> _What you are asked to do_
Nothing but the lines below from the first through the one with "doc.units = 0" should appear, printed exactly; please leave pictures out.

======== Dataset

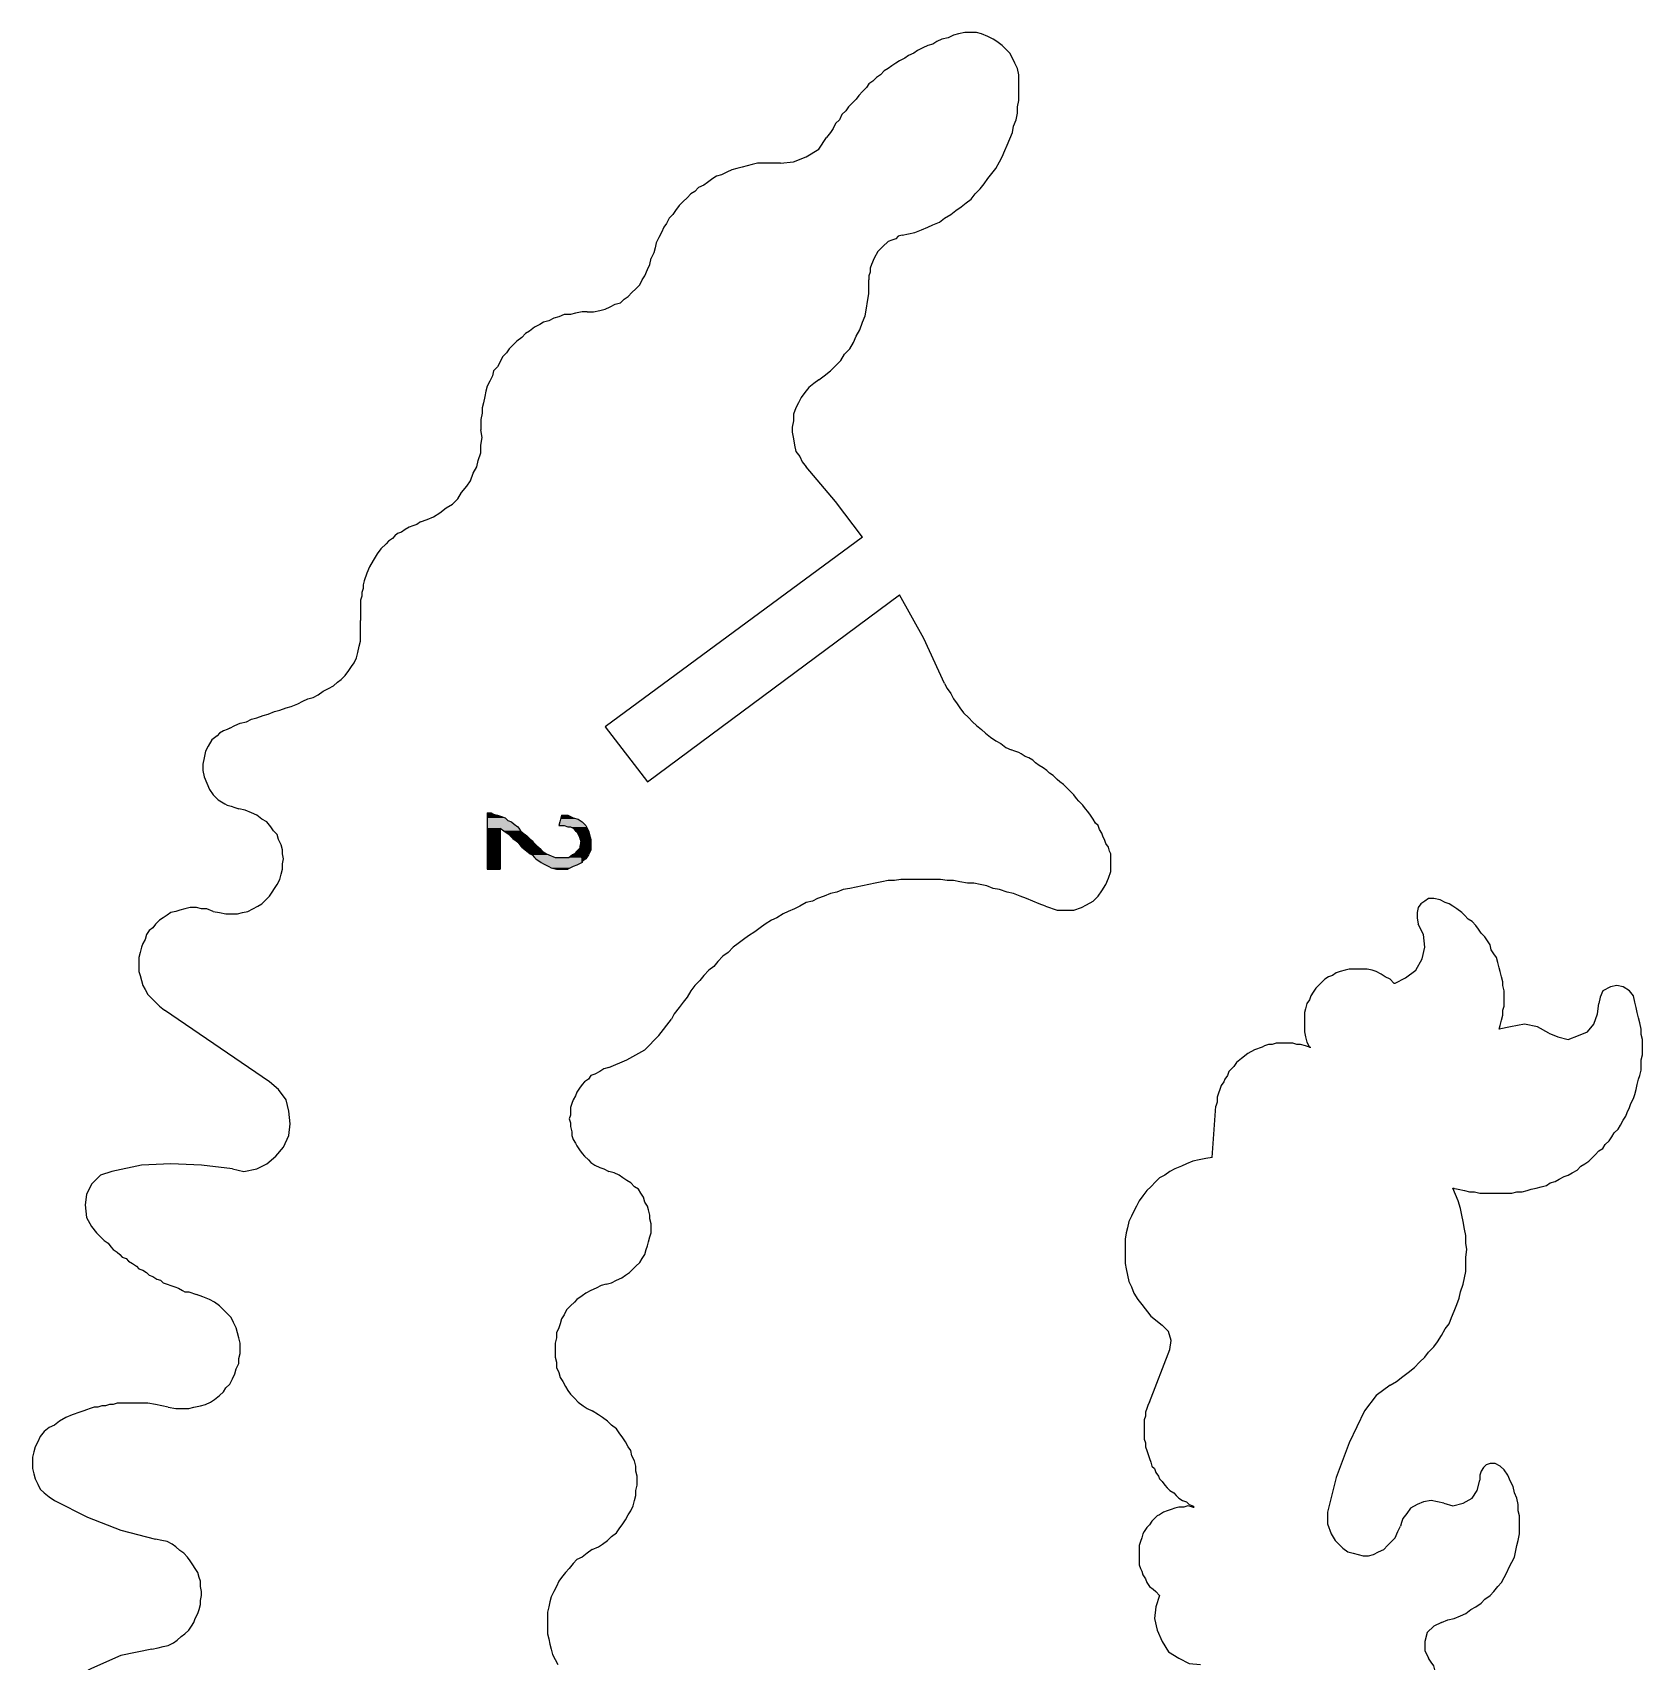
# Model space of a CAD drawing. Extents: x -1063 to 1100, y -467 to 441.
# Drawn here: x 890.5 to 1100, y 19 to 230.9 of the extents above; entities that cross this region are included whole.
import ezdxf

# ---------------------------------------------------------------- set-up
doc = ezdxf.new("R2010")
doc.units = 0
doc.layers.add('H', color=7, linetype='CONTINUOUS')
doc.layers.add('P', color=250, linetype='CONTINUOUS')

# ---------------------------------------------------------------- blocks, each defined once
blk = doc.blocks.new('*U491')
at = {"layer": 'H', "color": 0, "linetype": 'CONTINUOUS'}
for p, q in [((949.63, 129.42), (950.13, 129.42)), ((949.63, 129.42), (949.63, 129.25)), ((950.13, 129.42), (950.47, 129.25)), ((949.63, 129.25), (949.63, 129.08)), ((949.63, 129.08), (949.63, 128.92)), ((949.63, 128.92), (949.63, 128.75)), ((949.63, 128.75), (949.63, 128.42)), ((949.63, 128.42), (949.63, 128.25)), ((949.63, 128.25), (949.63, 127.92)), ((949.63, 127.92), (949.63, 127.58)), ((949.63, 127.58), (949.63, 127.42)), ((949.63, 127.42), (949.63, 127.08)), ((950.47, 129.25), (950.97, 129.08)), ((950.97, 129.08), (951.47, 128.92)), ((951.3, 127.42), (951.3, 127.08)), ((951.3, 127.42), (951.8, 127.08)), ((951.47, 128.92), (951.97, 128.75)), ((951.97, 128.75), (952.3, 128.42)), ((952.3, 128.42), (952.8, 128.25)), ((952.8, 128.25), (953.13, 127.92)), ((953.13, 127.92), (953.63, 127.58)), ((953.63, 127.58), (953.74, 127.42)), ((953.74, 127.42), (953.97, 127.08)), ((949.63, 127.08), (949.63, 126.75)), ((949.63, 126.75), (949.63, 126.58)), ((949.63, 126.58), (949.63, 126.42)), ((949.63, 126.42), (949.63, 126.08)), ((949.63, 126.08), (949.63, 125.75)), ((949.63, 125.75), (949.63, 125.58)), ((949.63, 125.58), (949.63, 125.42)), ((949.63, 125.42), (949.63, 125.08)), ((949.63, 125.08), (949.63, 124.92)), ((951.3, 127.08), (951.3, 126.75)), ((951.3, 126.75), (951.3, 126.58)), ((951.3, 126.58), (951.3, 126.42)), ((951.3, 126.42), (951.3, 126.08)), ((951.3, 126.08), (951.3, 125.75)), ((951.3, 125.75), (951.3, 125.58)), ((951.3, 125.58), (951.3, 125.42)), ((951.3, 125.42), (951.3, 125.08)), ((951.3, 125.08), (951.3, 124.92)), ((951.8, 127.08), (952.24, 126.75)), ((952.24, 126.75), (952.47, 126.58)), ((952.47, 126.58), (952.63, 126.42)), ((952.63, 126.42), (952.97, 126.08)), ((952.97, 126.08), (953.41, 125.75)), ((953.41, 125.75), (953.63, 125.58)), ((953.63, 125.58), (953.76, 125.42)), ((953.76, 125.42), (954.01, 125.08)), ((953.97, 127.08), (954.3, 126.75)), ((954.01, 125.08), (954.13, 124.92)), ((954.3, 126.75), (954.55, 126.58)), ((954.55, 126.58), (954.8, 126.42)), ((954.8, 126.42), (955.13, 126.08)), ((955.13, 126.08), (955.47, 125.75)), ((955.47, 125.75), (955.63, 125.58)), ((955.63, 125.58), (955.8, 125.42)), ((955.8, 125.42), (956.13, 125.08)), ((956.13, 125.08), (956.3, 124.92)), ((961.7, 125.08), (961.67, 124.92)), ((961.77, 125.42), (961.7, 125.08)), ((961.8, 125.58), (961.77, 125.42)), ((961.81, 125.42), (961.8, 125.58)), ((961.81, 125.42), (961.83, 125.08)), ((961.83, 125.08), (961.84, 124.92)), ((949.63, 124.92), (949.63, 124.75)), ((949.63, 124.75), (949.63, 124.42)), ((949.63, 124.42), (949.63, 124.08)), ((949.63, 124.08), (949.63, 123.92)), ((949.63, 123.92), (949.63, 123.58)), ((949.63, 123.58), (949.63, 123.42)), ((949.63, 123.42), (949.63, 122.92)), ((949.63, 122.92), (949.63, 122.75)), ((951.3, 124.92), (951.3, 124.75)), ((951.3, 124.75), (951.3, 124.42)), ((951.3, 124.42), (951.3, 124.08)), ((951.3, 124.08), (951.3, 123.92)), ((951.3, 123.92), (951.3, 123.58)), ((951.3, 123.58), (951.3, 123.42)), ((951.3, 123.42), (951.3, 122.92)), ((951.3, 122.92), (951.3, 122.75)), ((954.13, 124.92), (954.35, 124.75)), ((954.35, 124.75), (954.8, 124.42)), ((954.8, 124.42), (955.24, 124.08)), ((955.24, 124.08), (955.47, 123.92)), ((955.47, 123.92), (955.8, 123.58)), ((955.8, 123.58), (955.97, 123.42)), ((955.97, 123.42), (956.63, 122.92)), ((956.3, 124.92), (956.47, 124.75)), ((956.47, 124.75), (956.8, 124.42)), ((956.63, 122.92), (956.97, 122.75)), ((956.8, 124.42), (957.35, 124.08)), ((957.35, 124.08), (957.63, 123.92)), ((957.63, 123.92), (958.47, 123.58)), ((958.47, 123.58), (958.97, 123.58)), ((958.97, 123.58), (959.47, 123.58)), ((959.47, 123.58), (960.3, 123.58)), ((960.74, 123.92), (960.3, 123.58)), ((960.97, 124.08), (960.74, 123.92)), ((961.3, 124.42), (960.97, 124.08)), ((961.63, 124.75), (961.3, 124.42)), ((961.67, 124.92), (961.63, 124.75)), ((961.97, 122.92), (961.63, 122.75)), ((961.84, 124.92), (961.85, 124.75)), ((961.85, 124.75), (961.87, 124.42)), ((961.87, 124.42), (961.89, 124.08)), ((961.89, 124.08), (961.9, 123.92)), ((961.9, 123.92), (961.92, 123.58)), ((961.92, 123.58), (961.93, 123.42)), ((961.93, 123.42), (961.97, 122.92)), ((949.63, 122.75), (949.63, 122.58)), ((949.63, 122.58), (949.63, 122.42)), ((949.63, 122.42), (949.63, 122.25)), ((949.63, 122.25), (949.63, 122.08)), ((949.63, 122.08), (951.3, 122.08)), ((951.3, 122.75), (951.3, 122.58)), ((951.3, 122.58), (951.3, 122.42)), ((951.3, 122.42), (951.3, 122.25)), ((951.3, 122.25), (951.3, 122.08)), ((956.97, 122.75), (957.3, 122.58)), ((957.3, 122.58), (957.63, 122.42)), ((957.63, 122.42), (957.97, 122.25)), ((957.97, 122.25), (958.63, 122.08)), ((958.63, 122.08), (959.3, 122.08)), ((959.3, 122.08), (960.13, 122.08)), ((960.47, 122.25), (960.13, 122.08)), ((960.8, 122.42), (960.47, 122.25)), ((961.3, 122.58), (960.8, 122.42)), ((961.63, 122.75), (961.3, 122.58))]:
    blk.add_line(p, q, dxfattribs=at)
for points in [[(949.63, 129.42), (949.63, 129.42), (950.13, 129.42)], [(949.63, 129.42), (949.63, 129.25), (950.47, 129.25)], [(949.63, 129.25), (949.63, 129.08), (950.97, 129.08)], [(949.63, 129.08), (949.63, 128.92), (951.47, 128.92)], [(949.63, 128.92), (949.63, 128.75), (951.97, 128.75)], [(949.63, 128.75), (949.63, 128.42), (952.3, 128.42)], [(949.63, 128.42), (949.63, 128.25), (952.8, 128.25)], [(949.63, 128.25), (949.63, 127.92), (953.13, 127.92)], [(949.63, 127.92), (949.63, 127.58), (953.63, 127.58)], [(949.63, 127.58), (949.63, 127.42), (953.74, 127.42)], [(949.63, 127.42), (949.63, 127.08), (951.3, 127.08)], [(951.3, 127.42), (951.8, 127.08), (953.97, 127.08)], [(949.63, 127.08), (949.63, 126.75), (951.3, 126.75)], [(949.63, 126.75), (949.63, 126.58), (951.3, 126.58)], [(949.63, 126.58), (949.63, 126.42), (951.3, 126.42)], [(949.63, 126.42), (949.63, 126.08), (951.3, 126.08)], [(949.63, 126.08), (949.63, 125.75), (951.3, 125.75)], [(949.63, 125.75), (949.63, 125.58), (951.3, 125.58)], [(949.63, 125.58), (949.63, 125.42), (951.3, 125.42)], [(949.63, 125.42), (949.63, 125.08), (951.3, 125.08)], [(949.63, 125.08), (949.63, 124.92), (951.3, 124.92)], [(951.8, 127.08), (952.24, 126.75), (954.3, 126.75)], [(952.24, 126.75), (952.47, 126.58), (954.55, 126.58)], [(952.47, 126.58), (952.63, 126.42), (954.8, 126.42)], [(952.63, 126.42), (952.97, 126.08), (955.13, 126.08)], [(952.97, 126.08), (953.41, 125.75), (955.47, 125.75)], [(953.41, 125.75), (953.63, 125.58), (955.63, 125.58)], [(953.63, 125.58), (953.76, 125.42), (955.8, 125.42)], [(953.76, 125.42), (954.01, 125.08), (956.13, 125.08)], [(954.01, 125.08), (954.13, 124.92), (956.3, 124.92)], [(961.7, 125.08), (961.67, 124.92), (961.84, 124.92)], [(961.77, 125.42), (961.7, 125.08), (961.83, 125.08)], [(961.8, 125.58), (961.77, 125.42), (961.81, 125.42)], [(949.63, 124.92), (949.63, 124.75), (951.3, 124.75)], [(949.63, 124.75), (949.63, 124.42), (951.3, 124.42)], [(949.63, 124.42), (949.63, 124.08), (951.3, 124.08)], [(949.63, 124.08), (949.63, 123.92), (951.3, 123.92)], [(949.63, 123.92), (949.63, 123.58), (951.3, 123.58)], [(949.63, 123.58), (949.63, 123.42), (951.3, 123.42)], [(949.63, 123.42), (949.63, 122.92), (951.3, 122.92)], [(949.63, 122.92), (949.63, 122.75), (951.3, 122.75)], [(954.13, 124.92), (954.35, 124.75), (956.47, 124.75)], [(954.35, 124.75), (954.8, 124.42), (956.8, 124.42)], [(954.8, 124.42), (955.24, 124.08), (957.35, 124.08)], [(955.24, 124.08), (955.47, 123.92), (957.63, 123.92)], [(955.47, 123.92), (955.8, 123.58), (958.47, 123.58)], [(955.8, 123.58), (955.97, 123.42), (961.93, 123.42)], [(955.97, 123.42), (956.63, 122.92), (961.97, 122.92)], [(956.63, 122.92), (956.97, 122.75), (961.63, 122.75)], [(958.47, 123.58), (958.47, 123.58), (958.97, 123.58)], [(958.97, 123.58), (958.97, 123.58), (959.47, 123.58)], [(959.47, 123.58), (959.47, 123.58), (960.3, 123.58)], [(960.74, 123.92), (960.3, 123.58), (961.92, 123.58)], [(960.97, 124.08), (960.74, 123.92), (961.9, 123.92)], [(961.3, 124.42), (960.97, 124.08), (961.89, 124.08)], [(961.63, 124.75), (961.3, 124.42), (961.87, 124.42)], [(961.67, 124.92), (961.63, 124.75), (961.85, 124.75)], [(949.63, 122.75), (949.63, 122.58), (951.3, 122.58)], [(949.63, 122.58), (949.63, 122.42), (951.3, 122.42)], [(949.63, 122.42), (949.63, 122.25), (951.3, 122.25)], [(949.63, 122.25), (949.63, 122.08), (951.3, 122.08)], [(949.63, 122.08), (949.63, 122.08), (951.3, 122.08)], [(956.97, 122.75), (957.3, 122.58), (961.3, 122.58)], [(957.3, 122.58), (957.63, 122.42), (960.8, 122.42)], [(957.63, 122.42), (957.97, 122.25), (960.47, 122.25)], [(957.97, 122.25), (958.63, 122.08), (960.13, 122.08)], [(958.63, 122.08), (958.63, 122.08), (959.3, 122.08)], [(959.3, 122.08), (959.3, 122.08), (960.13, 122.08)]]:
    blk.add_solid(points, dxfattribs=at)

================

> _Task result_
# Model space of a CAD drawing. Extents: x -1063 to 1100, y -467 to 441.
# Drawn here: x 890.5 to 1100, y 19 to 230.9 of the extents above; entities that cross this region are included whole.
import ezdxf

# ---------------------------------------------------------------- set-up
doc = ezdxf.new("R2010")
doc.units = 0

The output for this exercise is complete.